# AMT



## angin (10 mo ago)

Hi good morning...would appreciate your help with the following...
In the past, I always attached to form 1116 a Supporting schedule showing carryovers etc, as follows..


Tax year.... Foreing tax Utilized Carryover
(example) 3000 800 2200



AMT
Tax year Foreign tax Utilized Carryover
(example) 3000 0 3000


With the introduction in 2021 of Form 1116 Schedule B one can show all carryovers from previous years, but what about the AMT...must a separate Supporting schedule be used.....or is it not necessary.. would only the schedule B with the carryovers be sufficient? I hear AMT is for high worth individuals....in my case...at most 25000$ yearly 2 pensions SS. I don,t use software, I prepare and print my returns by downloading forms etc at home.
Thanks so much...


----------



## Moulard (Feb 3, 2017)

Hope this answers your question even if in a rather round about way...
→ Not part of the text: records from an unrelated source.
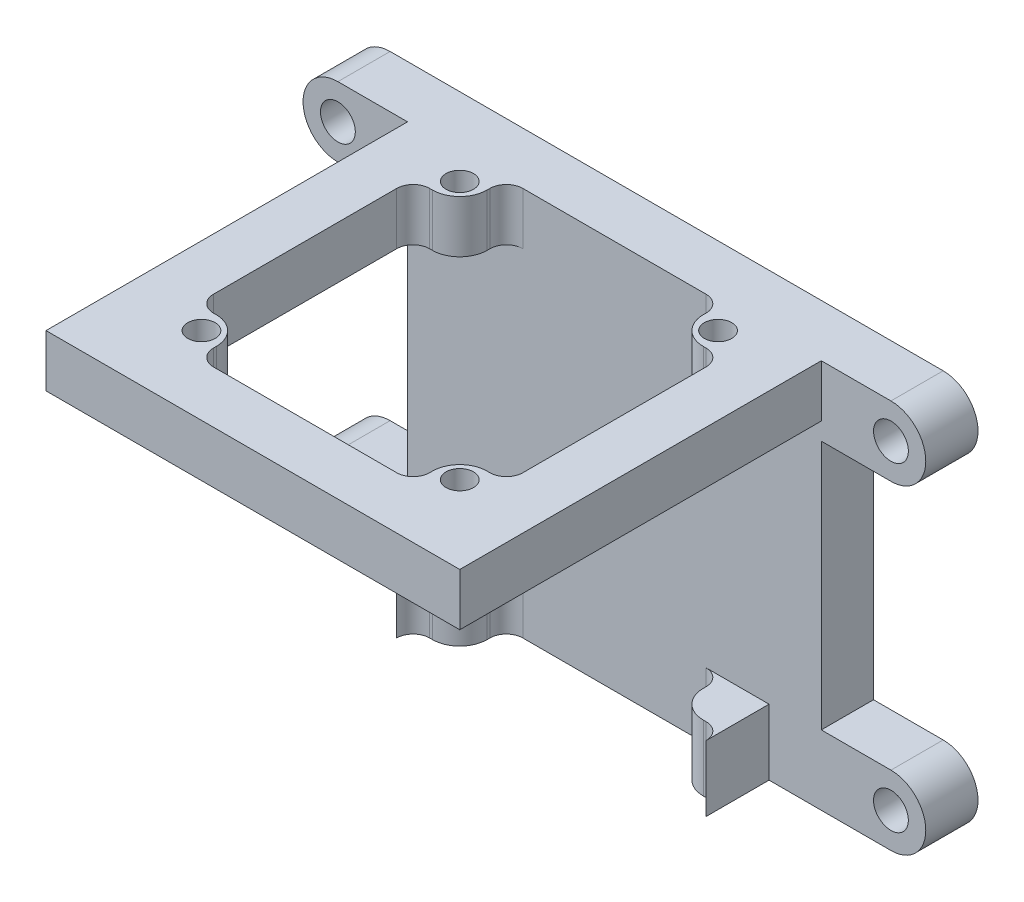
ISO-10303-21;
HEADER;
FILE_DESCRIPTION(('STEP AP214'),'2;1');
FILE_NAME('part.step','',(''),(''),'','','');
FILE_SCHEMA(('AUTOMOTIVE_DESIGN { 1 0 10303 214 1 1 1 1 }'));
ENDSEC;
DATA;
#1=APPLICATION_CONTEXT('core data for automotive mechanical design processes');
#2=APPLICATION_PROTOCOL_DEFINITION('international standard','automotive_design',2000,#1);
#3=PRODUCT_CONTEXT('',#1,'mechanical');
#4=PRODUCT('Part','Part','',(#3));
#5=PRODUCT_RELATED_PRODUCT_CATEGORY('part','',(#4));
#6=PRODUCT_DEFINITION_FORMATION('','',#4);
#7=PRODUCT_DEFINITION_CONTEXT('part definition',#1,'design');
#8=PRODUCT_DEFINITION('design','',#6,#7);
#9=PRODUCT_DEFINITION_SHAPE('','',#8);
#10=(LENGTH_UNIT() NAMED_UNIT(*) SI_UNIT(.MILLI.,.METRE.));
#11=(NAMED_UNIT(*) PLANE_ANGLE_UNIT() SI_UNIT($,.RADIAN.));
#12=(NAMED_UNIT(*) SI_UNIT($,.STERADIAN.) SOLID_ANGLE_UNIT());
#13=UNCERTAINTY_MEASURE_WITH_UNIT(LENGTH_MEASURE(1.E-05),#10,'distance_accuracy_value','');
#14=(GEOMETRIC_REPRESENTATION_CONTEXT(3) GLOBAL_UNCERTAINTY_ASSIGNED_CONTEXT((#13)) GLOBAL_UNIT_ASSIGNED_CONTEXT((#10,
#11,#12)) REPRESENTATION_CONTEXT('',''));
#15=CARTESIAN_POINT('',(0.,0.,0.));
#16=DIRECTION('',(0.,0.,1.));
#17=DIRECTION('',(1.,0.,0.));
#18=AXIS2_PLACEMENT_3D('',#15,#16,#17);
#19=CARTESIAN_POINT('',(424.850743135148,892.404361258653,1248.76303447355));
#20=DIRECTION('',(1.,0.,0.));
#21=DIRECTION('',(0.,0.,-1.));
#22=AXIS2_PLACEMENT_3D('',#19,#20,#21);
#23=PLANE('',#22);
#24=DIRECTION('',(0.,0.,-1.));
#25=VECTOR('',#24,1.);
#26=CARTESIAN_POINT('',(424.850743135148,843.629361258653,1281.18328507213));
#27=LINE('',#26,#25);
#28=CARTESIAN_POINT('',(424.850743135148,843.629361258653,1258.28803447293));
#29=VERTEX_POINT('',#28);
#30=CARTESIAN_POINT('',(424.850743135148,843.629361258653,1248.76303447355));
#31=VERTEX_POINT('',#30);
#32=EDGE_CURVE('E64',#29,#31,#27,.T.);
#33=ORIENTED_EDGE('',*,*,#32,.F.);
#34=DIRECTION('',(0.,1.,0.));
#35=VECTOR('',#34,1.);
#36=CARTESIAN_POINT('',(424.850743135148,830.929361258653,1258.28803447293));
#37=LINE('',#36,#35);
#38=CARTESIAN_POINT('',(424.850743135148,889.229361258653,1258.28803447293));
#39=VERTEX_POINT('',#38);
#40=EDGE_CURVE('E623',#29,#39,#37,.T.);
#41=ORIENTED_EDGE('',*,*,#40,.T.);
#42=DIRECTION('',(0.,0.,-1.));
#43=VECTOR('',#42,1.);
#44=CARTESIAN_POINT('',(424.850743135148,889.229361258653,1281.18328507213));
#45=LINE('',#44,#43);
#46=CARTESIAN_POINT('',(424.850743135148,889.229361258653,1248.76303447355));
#47=VERTEX_POINT('',#46);
#48=EDGE_CURVE('E405',#39,#47,#45,.T.);
#49=ORIENTED_EDGE('',*,*,#48,.T.);
#50=DIRECTION('',(0.,1.,0.));
#51=VECTOR('',#50,1.);
#52=CARTESIAN_POINT('',(424.850743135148,892.404361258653,1248.76303447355));
#53=LINE('',#52,#51);
#54=EDGE_CURVE('E49',#31,#47,#53,.T.);
#55=ORIENTED_EDGE('',*,*,#54,.F.);
#56=EDGE_LOOP('',(#33,#41,#49,#55));
#57=FACE_BOUND('',#56,.T.);
#58=ADVANCED_FACE('F50',(#57),#23,.F.);
#59=DIRECTION('',(0.,0.,-1.));
#60=VECTOR('',#59,1.);
#61=CARTESIAN_POINT('',(424.850743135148,901.929361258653,1248.76303447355));
#62=LINE('',#61,#60);
#63=CARTESIAN_POINT('',(424.850743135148,901.929361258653,1324.21298447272));
#64=VERTEX_POINT('',#63);
#65=CARTESIAN_POINT('',(424.850743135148,901.929361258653,1258.28803447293));
#66=VERTEX_POINT('',#65);
#67=EDGE_CURVE('E827',#64,#66,#62,.T.);
#68=ORIENTED_EDGE('',*,*,#67,.T.);
#69=DIRECTION('',(0.,-1.,0.));
#70=VECTOR('',#69,1.);
#71=CARTESIAN_POINT('',(424.850743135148,889.229361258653,1258.28803447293));
#72=LINE('',#71,#70);
#73=CARTESIAN_POINT('',(424.850743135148,892.404361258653,1258.28803447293));
#74=VERTEX_POINT('',#73);
#75=EDGE_CURVE('E400',#66,#74,#72,.T.);
#76=ORIENTED_EDGE('',*,*,#75,.T.);
#77=DIRECTION('',(0.,0.,-1.));
#78=VECTOR('',#77,1.);
#79=CARTESIAN_POINT('',(424.850743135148,892.404361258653,1248.76303447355));
#80=LINE('',#79,#78);
#81=CARTESIAN_POINT('',(424.850743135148,892.404361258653,1324.21298447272));
#82=VERTEX_POINT('',#81);
#83=EDGE_CURVE('E830',#82,#74,#80,.T.);
#84=ORIENTED_EDGE('',*,*,#83,.F.);
#85=DIRECTION('',(0.,1.,0.));
#86=VECTOR('',#85,1.);
#87=CARTESIAN_POINT('',(424.850743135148,892.404361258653,1324.21298447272));
#88=LINE('',#87,#86);
#89=EDGE_CURVE('E831',#82,#64,#88,.T.);
#90=ORIENTED_EDGE('',*,*,#89,.T.);
#91=EDGE_LOOP('',(#68,#76,#84,#90));
#92=FACE_BOUND('',#91,.T.);
#93=ADVANCED_FACE('F901',(#92),#23,.F.);
#94=CARTESIAN_POINT('',(500.300693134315,892.404361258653,1324.21298447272));
#95=DIRECTION('',(-1.,0.,0.));
#96=DIRECTION('',(0.,0.,1.));
#97=AXIS2_PLACEMENT_3D('',#94,#95,#96);
#98=PLANE('',#97);
#99=DIRECTION('',(0.,1.,0.));
#100=VECTOR('',#99,1.);
#101=CARTESIAN_POINT('',(500.300693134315,830.929361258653,1258.28803447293));
#102=LINE('',#101,#100);
#103=CARTESIAN_POINT('',(500.300693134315,843.629361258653,1258.28803447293));
#104=VERTEX_POINT('',#103);
#105=CARTESIAN_POINT('',(500.300693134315,889.229361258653,1258.28803447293));
#106=VERTEX_POINT('',#105);
#107=EDGE_CURVE('E626',#104,#106,#102,.T.);
#108=ORIENTED_EDGE('',*,*,#107,.F.);
#109=DIRECTION('',(0.,0.,-1.));
#110=VECTOR('',#109,1.);
#111=CARTESIAN_POINT('',(500.300693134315,843.629361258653,1281.18328507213));
#112=LINE('',#111,#110);
#113=CARTESIAN_POINT('',(500.300693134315,843.629361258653,1248.76303447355));
#114=VERTEX_POINT('',#113);
#115=EDGE_CURVE('E462',#104,#114,#112,.T.);
#116=ORIENTED_EDGE('',*,*,#115,.T.);
#117=DIRECTION('',(0.,1.,0.));
#118=VECTOR('',#117,1.);
#119=CARTESIAN_POINT('',(500.300693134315,892.404361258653,1248.76303447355));
#120=LINE('',#119,#118);
#121=CARTESIAN_POINT('',(500.300693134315,889.229361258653,1248.76303447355));
#122=VERTEX_POINT('',#121);
#123=EDGE_CURVE('E843',#114,#122,#120,.T.);
#124=ORIENTED_EDGE('',*,*,#123,.T.);
#125=DIRECTION('',(0.,0.,-1.));
#126=VECTOR('',#125,1.);
#127=CARTESIAN_POINT('',(500.300693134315,889.229361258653,1281.18328507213));
#128=LINE('',#127,#126);
#129=EDGE_CURVE('E502',#106,#122,#128,.T.);
#130=ORIENTED_EDGE('',*,*,#129,.F.);
#131=EDGE_LOOP('',(#108,#116,#124,#130));
#132=FACE_BOUND('',#131,.T.);
#133=ADVANCED_FACE('F909',(#132),#98,.F.);
#134=CARTESIAN_POINT('',(0.,892.404361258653,0.));
#135=DIRECTION('',(0.,1.,0.));
#136=DIRECTION('',(0.,0.,1.));
#137=AXIS2_PLACEMENT_3D('',#134,#135,#136);
#138=PLANE('',#137);
#139=CARTESIAN_POINT('',(486.125693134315,892.404361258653,1310.03803447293));
#140=DIRECTION('',(0.,-1.,0.));
#141=DIRECTION('',(0.,0.,-1.));
#142=AXIS2_PLACEMENT_3D('',#139,#140,#141);
#143=CIRCLE('',#142,2.49999999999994);
#144=CARTESIAN_POINT('',(486.125693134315,892.404361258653,1312.53803447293));
#145=VERTEX_POINT('',#144);
#146=EDGE_CURVE('E632',#145,#145,#143,.T.);
#147=ORIENTED_EDGE('',*,*,#146,.F.);
#148=EDGE_LOOP('',(#147));
#149=FACE_BOUND('',#148,.T.);
#150=CARTESIAN_POINT('',(486.125693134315,892.404361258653,1262.93803447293));
#151=DIRECTION('',(0.,-1.,0.));
#152=DIRECTION('',(0.,0.,-1.));
#153=AXIS2_PLACEMENT_3D('',#150,#151,#152);
#154=CIRCLE('',#153,2.49999999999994);
#155=CARTESIAN_POINT('',(486.125693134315,892.404361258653,1265.43803447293));
#156=VERTEX_POINT('',#155);
#157=EDGE_CURVE('E639',#156,#156,#154,.T.);
#158=ORIENTED_EDGE('',*,*,#157,.F.);
#159=EDGE_LOOP('',(#158));
#160=FACE_BOUND('',#159,.T.);
#161=CARTESIAN_POINT('',(439.025693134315,892.404361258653,1310.03803447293));
#162=DIRECTION('',(0.,-1.,0.));
#163=DIRECTION('',(0.,0.,-1.));
#164=AXIS2_PLACEMENT_3D('',#161,#162,#163);
#165=CIRCLE('',#164,2.49999999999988);
#166=CARTESIAN_POINT('',(439.025693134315,892.404361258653,1312.53803447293));
#167=VERTEX_POINT('',#166);
#168=EDGE_CURVE('E646',#167,#167,#165,.T.);
#169=ORIENTED_EDGE('',*,*,#168,.F.);
#170=EDGE_LOOP('',(#169));
#171=FACE_BOUND('',#170,.T.);
#172=CARTESIAN_POINT('',(439.025693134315,892.404361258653,1262.93803447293));
#173=DIRECTION('',(0.,-1.,0.));
#174=DIRECTION('',(0.,0.,-1.));
#175=AXIS2_PLACEMENT_3D('',#172,#173,#174);
#176=CIRCLE('',#175,2.49999999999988);
#177=CARTESIAN_POINT('',(439.025693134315,892.404361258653,1265.43803447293));
#178=VERTEX_POINT('',#177);
#179=EDGE_CURVE('E655',#178,#178,#176,.T.);
#180=ORIENTED_EDGE('',*,*,#179,.F.);
#181=EDGE_LOOP('',(#180));
#182=FACE_BOUND('',#181,.T.);
#183=DIRECTION('',(-1.,0.,0.));
#184=VECTOR('',#183,1.);
#185=CARTESIAN_POINT('',(424.850743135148,892.404361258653,1258.28803447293));
#186=LINE('',#185,#184);
#187=CARTESIAN_POINT('',(500.300693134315,892.404361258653,1258.28803447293));
#188=VERTEX_POINT('',#187);
#189=CARTESIAN_POINT('',(479.275693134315,892.404361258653,1258.28803447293));
#190=VERTEX_POINT('',#189);
#191=EDGE_CURVE('E622',#188,#190,#186,.T.);
#192=ORIENTED_EDGE('',*,*,#191,.F.);
#193=DIRECTION('',(0.,0.,1.));
#194=VECTOR('',#193,1.);
#195=CARTESIAN_POINT('',(500.300693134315,892.404361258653,1324.21298447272));
#196=LINE('',#195,#194);
#197=CARTESIAN_POINT('',(500.300693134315,892.404361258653,1324.21298447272));
#198=VERTEX_POINT('',#197);
#199=EDGE_CURVE('E828',#188,#198,#196,.T.);
#200=ORIENTED_EDGE('',*,*,#199,.T.);
#201=DIRECTION('',(-1.,0.,0.));
#202=VECTOR('',#201,1.);
#203=CARTESIAN_POINT('',(424.850743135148,892.404361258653,1324.21298447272));
#204=LINE('',#203,#202);
#205=EDGE_CURVE('E832',#198,#82,#204,.T.);
#206=ORIENTED_EDGE('',*,*,#205,.T.);
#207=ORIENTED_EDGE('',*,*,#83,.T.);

Anyone who uses Form 1116 is required to complete, but not necessarily submit Form 6251. You only need to attach Form 6251 to your tax return if the AMT Tax amount that is spit out is greater than 0. 

If it is, then you have to prepare both standard and AMT versions of Form 1116 (including the new schedules) along with Form 6251.

Given the AMT income amounts are not indexed for inflation, it is not too difficult to be caught in the AMT nexus at least as far as having extra paperwork to submit but the threshold for actually owing AMT rather than the standard tax rates is a different matter.

Basically, prepare your 1040... copy the numbers at key lines into Form 6251.. if the outcome is 0 then you can ignore the AMT and the AMT version of Form 1116 and its schedule B.

Where it gets interesting is that if you ever had to submit AMT versions of form 1116 in the last 10 years but do not have to file an AMT version in the current year.

If you were in that position, then I think I would just attach a copy of the carryover worksheet for the AMT versions...to show that there are AMT taxes that are being carried over.

If you ever had to file AMT versions there would at least be an audit trail that showed you calculated the carryover amount in the past.


----------



## angin (10 mo ago)

My AMT carryovers were always 0.....thank you


----------



## Moulard (Feb 3, 2017)

Then I think you can safely ignore AMT until such time as Part II of Form 6251 spits out an AMT value above 0 on what is currently line 11.

If, and when that happens you create a second set for Form 1116 using the AMT tax amount and would attach the AMT versions of those the form for each category of income along with an AMT version of schedule B.


----------



## angin (10 mo ago)

Thanks so much and have a great 2023..


----------